- **ENTRIES SHOWN**:
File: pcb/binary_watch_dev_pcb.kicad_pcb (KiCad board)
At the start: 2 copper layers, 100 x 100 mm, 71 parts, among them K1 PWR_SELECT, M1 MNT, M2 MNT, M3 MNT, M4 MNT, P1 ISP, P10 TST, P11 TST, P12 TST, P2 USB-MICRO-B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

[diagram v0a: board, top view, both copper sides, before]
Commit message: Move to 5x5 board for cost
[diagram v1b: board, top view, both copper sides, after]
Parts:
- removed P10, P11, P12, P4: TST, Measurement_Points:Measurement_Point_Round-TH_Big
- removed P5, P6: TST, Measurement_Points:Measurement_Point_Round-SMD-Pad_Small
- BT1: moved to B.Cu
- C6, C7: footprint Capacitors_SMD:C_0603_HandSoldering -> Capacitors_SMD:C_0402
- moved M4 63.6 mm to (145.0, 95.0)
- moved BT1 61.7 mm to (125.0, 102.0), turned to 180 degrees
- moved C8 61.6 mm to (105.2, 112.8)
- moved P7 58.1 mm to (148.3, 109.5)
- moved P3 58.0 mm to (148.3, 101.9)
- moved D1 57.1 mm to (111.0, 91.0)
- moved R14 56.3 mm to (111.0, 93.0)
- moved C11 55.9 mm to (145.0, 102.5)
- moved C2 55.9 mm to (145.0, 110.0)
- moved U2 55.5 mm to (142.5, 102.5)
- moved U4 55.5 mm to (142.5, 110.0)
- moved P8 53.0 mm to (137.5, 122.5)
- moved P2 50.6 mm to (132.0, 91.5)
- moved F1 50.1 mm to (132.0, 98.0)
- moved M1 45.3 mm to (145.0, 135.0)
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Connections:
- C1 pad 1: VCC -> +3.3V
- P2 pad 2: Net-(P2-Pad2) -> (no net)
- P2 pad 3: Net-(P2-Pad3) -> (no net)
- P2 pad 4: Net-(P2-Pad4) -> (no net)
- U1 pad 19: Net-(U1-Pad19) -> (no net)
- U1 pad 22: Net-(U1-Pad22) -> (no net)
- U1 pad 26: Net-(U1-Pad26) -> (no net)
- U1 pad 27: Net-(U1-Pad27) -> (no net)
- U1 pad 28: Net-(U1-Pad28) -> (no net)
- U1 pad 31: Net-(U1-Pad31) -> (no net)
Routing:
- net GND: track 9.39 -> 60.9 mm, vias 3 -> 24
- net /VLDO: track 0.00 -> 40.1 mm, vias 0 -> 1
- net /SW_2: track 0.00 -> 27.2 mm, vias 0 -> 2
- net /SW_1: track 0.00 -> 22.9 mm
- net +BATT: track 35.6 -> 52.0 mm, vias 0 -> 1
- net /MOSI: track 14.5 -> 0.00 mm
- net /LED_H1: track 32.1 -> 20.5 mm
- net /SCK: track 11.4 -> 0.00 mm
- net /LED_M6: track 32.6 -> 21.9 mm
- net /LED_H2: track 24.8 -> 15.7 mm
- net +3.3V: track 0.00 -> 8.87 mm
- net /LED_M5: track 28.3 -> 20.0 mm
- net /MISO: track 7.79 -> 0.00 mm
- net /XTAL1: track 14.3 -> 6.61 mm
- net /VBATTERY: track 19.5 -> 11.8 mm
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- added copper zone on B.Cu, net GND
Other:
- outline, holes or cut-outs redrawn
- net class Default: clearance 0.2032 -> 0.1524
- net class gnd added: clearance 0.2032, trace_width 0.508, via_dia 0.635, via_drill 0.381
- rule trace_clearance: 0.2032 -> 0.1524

- **ASSIGNMENT**: Word for word, set down every line of the material above.

- **TASK RESULT**:
File: pcb/binary_watch_dev_pcb.kicad_pcb (KiCad board)
At the start: 2 copper layers, 100 x 100 mm, 71 parts, among them K1 PWR_SELECT, M1 MNT, M2 MNT, M3 MNT, M4 MNT, P1 ISP, P10 TST, P11 TST, P12 TST, P2 USB-MICRO-B

[diagram v0a: board, top view, both copper sides, before]
Commit message: Move to 5x5 board for cost
[diagram v1b: board, top view, both copper sides, after]
Parts:
- removed P10, P11, P12, P4: TST, Measurement_Points:Measurement_Point_Round-TH_Big
- removed P5, P6: TST, Measurement_Points:Measurement_Point_Round-SMD-Pad_Small
- BT1: moved to B.Cu
- C6, C7: footprint Capacitors_SMD:C_0603_HandSoldering -> Capacitors_SMD:C_0402
- moved M4 63.6 mm to (145.0, 95.0)
- moved BT1 61.7 mm to (125.0, 102.0), turned to 180 degrees
- moved C8 61.6 mm to (105.2, 112.8)
- moved P7 58.1 mm to (148.3, 109.5)
- moved P3 58.0 mm to (148.3, 101.9)
- moved D1 57.1 mm to (111.0, 91.0)
- moved R14 56.3 mm to (111.0, 93.0)
- moved C11 55.9 mm to (145.0, 102.5)
- moved C2 55.9 mm to (145.0, 110.0)
- moved U2 55.5 mm to (142.5, 102.5)
- moved U4 55.5 mm to (142.5, 110.0)
- moved P8 53.0 mm to (137.5, 122.5)
- moved P2 50.6 mm to (132.0, 91.5)
- moved F1 50.1 mm to (132.0, 98.0)
- moved M1 45.3 mm to (145.0, 135.0)
Connections:
- C1 pad 1: VCC -> +3.3V
- P2 pad 2: Net-(P2-Pad2) -> (no net)
- P2 pad 3: Net-(P2-Pad3) -> (no net)
- P2 pad 4: Net-(P2-Pad4) -> (no net)
- U1 pad 19: Net-(U1-Pad19) -> (no net)
- U1 pad 22: Net-(U1-Pad22) -> (no net)
- U1 pad 26: Net-(U1-Pad26) -> (no net)
- U1 pad 27: Net-(U1-Pad27) -> (no net)
- U1 pad 28: Net-(U1-Pad28) -> (no net)
- U1 pad 31: Net-(U1-Pad31) -> (no net)
Routing:
- net GND: track 9.39 -> 60.9 mm, vias 3 -> 24
- net /VLDO: track 0.00 -> 40.1 mm, vias 0 -> 1
- net /SW_2: track 0.00 -> 27.2 mm, vias 0 -> 2
- net /SW_1: track 0.00 -> 22.9 mm
- net +BATT: track 35.6 -> 52.0 mm, vias 0 -> 1
- net /MOSI: track 14.5 -> 0.00 mm
- net /LED_H1: track 32.1 -> 20.5 mm
- net /SCK: track 11.4 -> 0.00 mm
- net /LED_M6: track 32.6 -> 21.9 mm
- net /LED_H2: track 24.8 -> 15.7 mm
- net +3.3V: track 0.00 -> 8.87 mm
- net /LED_M5: track 28.3 -> 20.0 mm
- net /MISO: track 7.79 -> 0.00 mm
- net /XTAL1: track 14.3 -> 6.61 mm
- net /VBATTERY: track 19.5 -> 11.8 mm
- added copper zone on B.Cu, net GND
Other:
- outline, holes or cut-outs redrawn
- net class Default: clearance 0.2032 -> 0.1524
- net class gnd added: clearance 0.2032, trace_width 0.508, via_dia 0.635, via_drill 0.381
- rule trace_clearance: 0.2032 -> 0.1524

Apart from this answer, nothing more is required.